Personal Exemption vs Standard Deduction
Key points | Personal Exemption | Standard Deduction |
Meaning | According to US tax law, a personal exemption is a sum a resident taxpayer can deduct from personal income. It determines their taxable income and, subsequently, their federal income tax. | The IRS grants individuals a set amount known as a "standard deduction" that they can use to lower their taxes based on their filing status. In addition, the IRS allows taxpayers to choose between the applicable standard deduction and their itemized deductions. |
Details required | Deduction requires details such as the Individual's name, spouse's name, mailing address, date of birth, job title, spouse's title, etc. | Deduction requires details such as whether they are 65 or older or blind and whether they can be claimed as a dependent. |
Deduction | Before the law curtailed it, $4,050 was the personal exemption amount for 2017. | 2023 Standard Deductions: Single and Married Filing Separately amounts to $13,850, Married Filing Joint and Qualifying Widow(er) amounts to $27,700, and Head of Household amounts to $20,800. |
Frequently Asked Questions (FAQs)
The US Customs personal exemption refers to the dollar amount of goods or merchandise that a traveler can bring into the United States without paying duties or taxes on those items. This exemption applies to eligible travelers who have been out of the country for a certain period and are returning items for personal use or as gifts.

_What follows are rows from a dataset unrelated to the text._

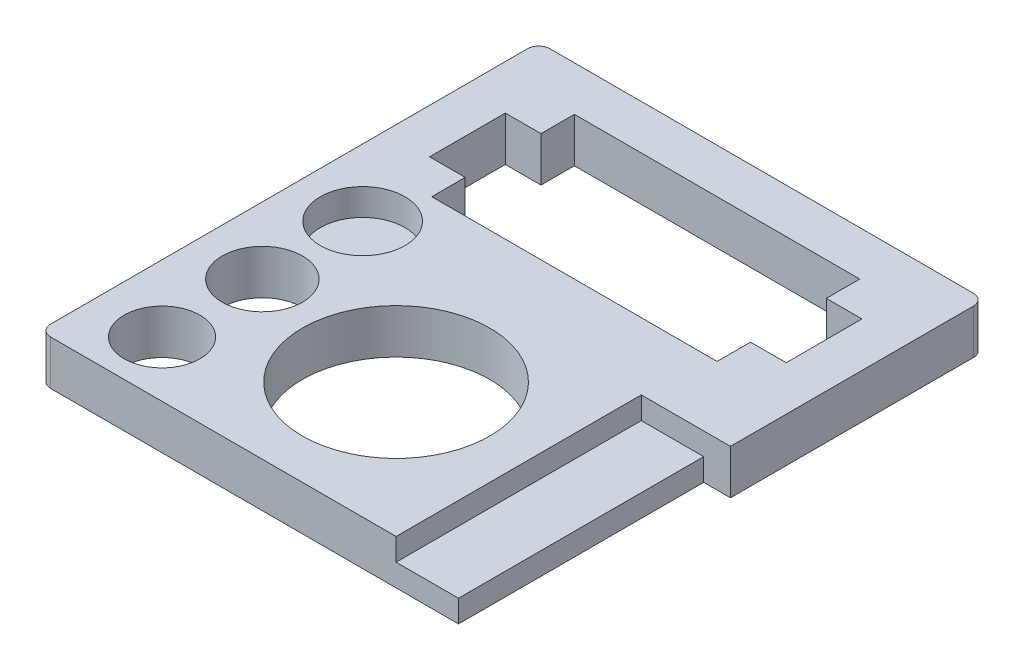
ISO-10303-21;
HEADER;
FILE_DESCRIPTION(('STEP AP214'),'2;1');
FILE_NAME('part.step','',(''),(''),'','','');
FILE_SCHEMA(('AUTOMOTIVE_DESIGN { 1 0 10303 214 1 1 1 1 }'));
ENDSEC;
DATA;
#1=APPLICATION_CONTEXT('core data for automotive mechanical design processes');
#2=APPLICATION_PROTOCOL_DEFINITION('international standard','automotive_design',2000,#1);
#3=PRODUCT_CONTEXT('',#1,'mechanical');
#4=PRODUCT('Part','Part','',(#3));
#5=PRODUCT_RELATED_PRODUCT_CATEGORY('part','',(#4));
#6=PRODUCT_DEFINITION_FORMATION('','',#4);
#7=PRODUCT_DEFINITION_CONTEXT('part definition',#1,'design');
#8=PRODUCT_DEFINITION('design','',#6,#7);
#9=PRODUCT_DEFINITION_SHAPE('','',#8);
#10=(LENGTH_UNIT() NAMED_UNIT(*) SI_UNIT(.MILLI.,.METRE.));
#11=(NAMED_UNIT(*) PLANE_ANGLE_UNIT() SI_UNIT($,.RADIAN.));
#12=(NAMED_UNIT(*) SI_UNIT($,.STERADIAN.) SOLID_ANGLE_UNIT());
#13=UNCERTAINTY_MEASURE_WITH_UNIT(LENGTH_MEASURE(1.E-05),#10,'distance_accuracy_value','');
#14=(GEOMETRIC_REPRESENTATION_CONTEXT(3) GLOBAL_UNCERTAINTY_ASSIGNED_CONTEXT((#13)) GLOBAL_UNIT_ASSIGNED_CONTEXT((#10,
#11,#12)) REPRESENTATION_CONTEXT('',''));
#15=CARTESIAN_POINT('',(0.,0.,0.));
#16=DIRECTION('',(0.,0.,1.));
#17=DIRECTION('',(1.,0.,0.));
#18=AXIS2_PLACEMENT_3D('',#15,#16,#17);
#19=CARTESIAN_POINT('',(0.,2.,6.));
#20=DIRECTION('',(0.,0.,-1.));
#21=DIRECTION('',(-1.,0.,0.));
#22=AXIS2_PLACEMENT_3D('',#19,#20,#21);
#23=PLANE('',#22);
#24=DIRECTION('',(1.,0.,0.));
#25=VECTOR('',#24,1.);
#26=CARTESIAN_POINT('',(0.,2.,6.));
#27=LINE('',#26,#25);
#28=CARTESIAN_POINT('',(-9.5,2.,6.));
#29=VERTEX_POINT('',#28);
#30=CARTESIAN_POINT('',(6.,2.,6.));
#31=VERTEX_POINT('',#30);
#32=EDGE_CURVE('E351',#29,#31,#27,.T.);
#33=ORIENTED_EDGE('',*,*,#32,.F.);
#34=DIRECTION('',(0.,-1.,0.));
#35=VECTOR('',#34,1.);
#36=CARTESIAN_POINT('',(-9.5,2.,6.));
#37=LINE('',#36,#35);
#38=CARTESIAN_POINT('',(-9.5,0.,6.));
#39=VERTEX_POINT('',#38);
#40=EDGE_CURVE('E273',#29,#39,#37,.T.);
#41=ORIENTED_EDGE('',*,*,#40,.T.);
#42=DIRECTION('',(1.,0.,0.));
#43=VECTOR('',#42,1.);
#44=CARTESIAN_POINT('',(0.,0.,6.));
#45=LINE('',#44,#43);
#46=CARTESIAN_POINT('',(8.8,0.,6.));
#47=VERTEX_POINT('',#46);
#48=EDGE_CURVE('E298',#39,#47,#45,.T.);
#49=ORIENTED_EDGE('',*,*,#48,.T.);
#50=DIRECTION('',(0.,-1.,0.));
#51=VECTOR('',#50,1.);
#52=CARTESIAN_POINT('',(8.8,1.,6.));
#53=LINE('',#52,#51);
#54=CARTESIAN_POINT('',(8.8,1.,6.));
#55=VERTEX_POINT('',#54);
#56=EDGE_CURVE('E391',#55,#47,#53,.T.);
#57=ORIENTED_EDGE('',*,*,#56,.F.);
#58=DIRECTION('',(-1.,0.,0.));
#59=VECTOR('',#58,1.);
#60=CARTESIAN_POINT('',(6.,1.,6.));
#61=LINE('',#60,#59);
#62=CARTESIAN_POINT('',(6.,1.,6.));
#63=VERTEX_POINT('',#62);
#64=EDGE_CURVE('E396',#55,#63,#61,.T.);
#65=ORIENTED_EDGE('',*,*,#64,.T.);
#66=DIRECTION('',(0.,-1.,0.));
#67=VECTOR('',#66,1.);
#68=CARTESIAN_POINT('',(6.,2.,6.));
#69=LINE('',#68,#67);
#70=EDGE_CURVE('E213',#31,#63,#69,.T.);
#71=ORIENTED_EDGE('',*,*,#70,.F.);
#72=EDGE_LOOP('',(#33,#41,#49,#57,#65,#71));
#73=FACE_BOUND('',#72,.T.);
#74=ADVANCED_FACE('F38',(#73),#23,.F.);
#75=CARTESIAN_POINT('',(6.,2.,0.));
#76=DIRECTION('',(-1.,0.,0.));
#77=DIRECTION('',(0.,0.,1.));
#78=AXIS2_PLACEMENT_3D('',#75,#76,#77);
#79=PLANE('',#78);
#80=ORIENTED_EDGE('',*,*,#70,.T.);
#81=DIRECTION('',(0.,0.,-1.));
#82=VECTOR('',#81,1.);
#83=CARTESIAN_POINT('',(6.,1.,-5.));
#84=LINE('',#83,#82);
#85=CARTESIAN_POINT('',(6.,1.,-5.));
#86=VERTEX_POINT('',#85);
#87=EDGE_CURVE('E197',#63,#86,#84,.T.);
#88=ORIENTED_EDGE('',*,*,#87,.T.);
#89=DIRECTION('',(0.,-1.,0.));
#90=VECTOR('',#89,1.);
#91=CARTESIAN_POINT('',(6.,2.,-5.));
#92=LINE('',#91,#90);
#93=CARTESIAN_POINT('',(6.,2.,-5.));
#94=VERTEX_POINT('',#93);
#95=EDGE_CURVE('E210',#94,#86,#92,.T.);
#96=ORIENTED_EDGE('',*,*,#95,.F.);
#97=DIRECTION('',(0.,0.,-1.));
#98=VECTOR('',#97,1.);
#99=CARTESIAN_POINT('',(6.,2.,0.));
#100=LINE('',#99,#98);
#101=EDGE_CURVE('E349',#31,#94,#100,.T.);
#102=ORIENTED_EDGE('',*,*,#101,.F.);
#103=EDGE_LOOP('',(#80,#88,#96,#102));
#104=FACE_BOUND('',#103,.T.);
#105=ADVANCED_FACE('F208',(#104),#79,.F.);
#106=CARTESIAN_POINT('',(0.,2.,-5.));
#107=DIRECTION('',(0.,0.,1.));
#108=DIRECTION('',(1.,0.,0.));
#109=AXIS2_PLACEMENT_3D('',#106,#107,#108);
#110=PLANE('',#109);
#111=DIRECTION('',(0.,-1.,0.));
#112=VECTOR('',#111,1.);
#113=CARTESIAN_POINT('',(8.8,1.,-5.));
#114=LINE('',#113,#112);
#115=CARTESIAN_POINT('',(8.8,1.,-5.));
#116=VERTEX_POINT('',#115);
#117=CARTESIAN_POINT('',(8.8,0.,-5.));
#118=VERTEX_POINT('',#117);
#119=EDGE_CURVE('E394',#116,#118,#114,.T.);
#120=ORIENTED_EDGE('',*,*,#119,.T.);
#121=DIRECTION('',(-1.,0.,0.));
#122=VECTOR('',#121,1.);
#123=CARTESIAN_POINT('',(0.,0.,-5.));
#124=LINE('',#123,#122);
#125=CARTESIAN_POINT('',(10.,0.,-5.));
#126=VERTEX_POINT('',#125);
#127=EDGE_CURVE('E295',#126,#118,#124,.T.);
#128=ORIENTED_EDGE('',*,*,#127,.F.);
#129=DIRECTION('',(0.,-1.,0.));
#130=VECTOR('',#129,1.);
#131=CARTESIAN_POINT('',(10.,2.,-5.));
#132=LINE('',#131,#130);
#133=CARTESIAN_POINT('',(10.,2.,-5.));
#134=VERTEX_POINT('',#133);
#135=EDGE_CURVE('E220',#134,#126,#132,.T.);
#136=ORIENTED_EDGE('',*,*,#135,.F.);
#137=DIRECTION('',(-1.,0.,0.));
#138=VECTOR('',#137,1.);
#139=CARTESIAN_POINT('',(0.,2.,-5.));
#140=LINE('',#139,#138);
#141=EDGE_CURVE('E219',#134,#94,#140,.T.);
#142=ORIENTED_EDGE('',*,*,#141,.T.);
#143=ORIENTED_EDGE('',*,*,#95,.T.);
#144=DIRECTION('',(1.,0.,0.));
#145=VECTOR('',#144,1.);
#146=CARTESIAN_POINT('',(6.,1.,-5.));
#147=LINE('',#146,#145);
#148=EDGE_CURVE('E193',#86,#116,#147,.T.);
#149=ORIENTED_EDGE('',*,*,#148,.T.);
#150=EDGE_LOOP('',(#120,#128,#136,#142,#143,#149));
#151=FACE_BOUND('',#150,.T.);
#152=ADVANCED_FACE('F216',(#151),#110,.T.);
#153=CARTESIAN_POINT('',(10.,2.,0.));
#154=DIRECTION('',(1.,0.,0.));
#155=DIRECTION('',(0.,0.,-1.));
#156=AXIS2_PLACEMENT_3D('',#153,#154,#155);
#157=PLANE('',#156);
#158=DIRECTION('',(0.,0.,1.));
#159=VECTOR('',#158,1.);
#160=CARTESIAN_POINT('',(10.,0.,0.));
#161=LINE('',#160,#159);
#162=CARTESIAN_POINT('',(10.,0.,-15.9));
#163=VERTEX_POINT('',#162);
#164=EDGE_CURVE('E291',#163,#126,#161,.T.);
#165=ORIENTED_EDGE('',*,*,#164,.F.);
#166=DIRECTION('',(0.,-1.,0.));
#167=VECTOR('',#166,1.);
#168=CARTESIAN_POINT('',(10.,2.,-15.9));
#169=LINE('',#168,#167);
#170=CARTESIAN_POINT('',(10.,2.,-15.9));
#171=VERTEX_POINT('',#170);
#172=EDGE_CURVE('E266',#163,#171,#169,.F.);
#173=ORIENTED_EDGE('',*,*,#172,.T.);
#174=DIRECTION('',(0.,0.,1.));
#175=VECTOR('',#174,1.);
#176=CARTESIAN_POINT('',(10.,2.,0.));
#177=LINE('',#176,#175);
#178=EDGE_CURVE('E346',#171,#134,#177,.T.);
#179=ORIENTED_EDGE('',*,*,#178,.T.);
#180=ORIENTED_EDGE('',*,*,#135,.T.);
#181=EDGE_LOOP('',(#165,#173,#179,#180));
#182=FACE_BOUND('',#181,.T.);
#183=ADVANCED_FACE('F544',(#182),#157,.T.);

Personal exemption phaseout refers to the gradual reduction or elimination of the personal exemption amount for taxpayers whose income exceeds a certain threshold. The phaseout reduces the value of the exemption until it is completely phased out for taxpayers with income above a certain level.
For the 2022 tax year, the federal basic personal amount is $14,398 (for taxpayers with a net income of $155,625 or less). This means Canadian residents can earn up to $14,398 of taxable income without paying federal income tax. The basic personal amount can be claimed by all taxpayers, regardless of income level, and is indexed to inflation each year. However, it may be reduced or eliminated for taxpayers with higher incomes. Additionally, each province and territory in Canada may have its own basic personal amount, which can vary.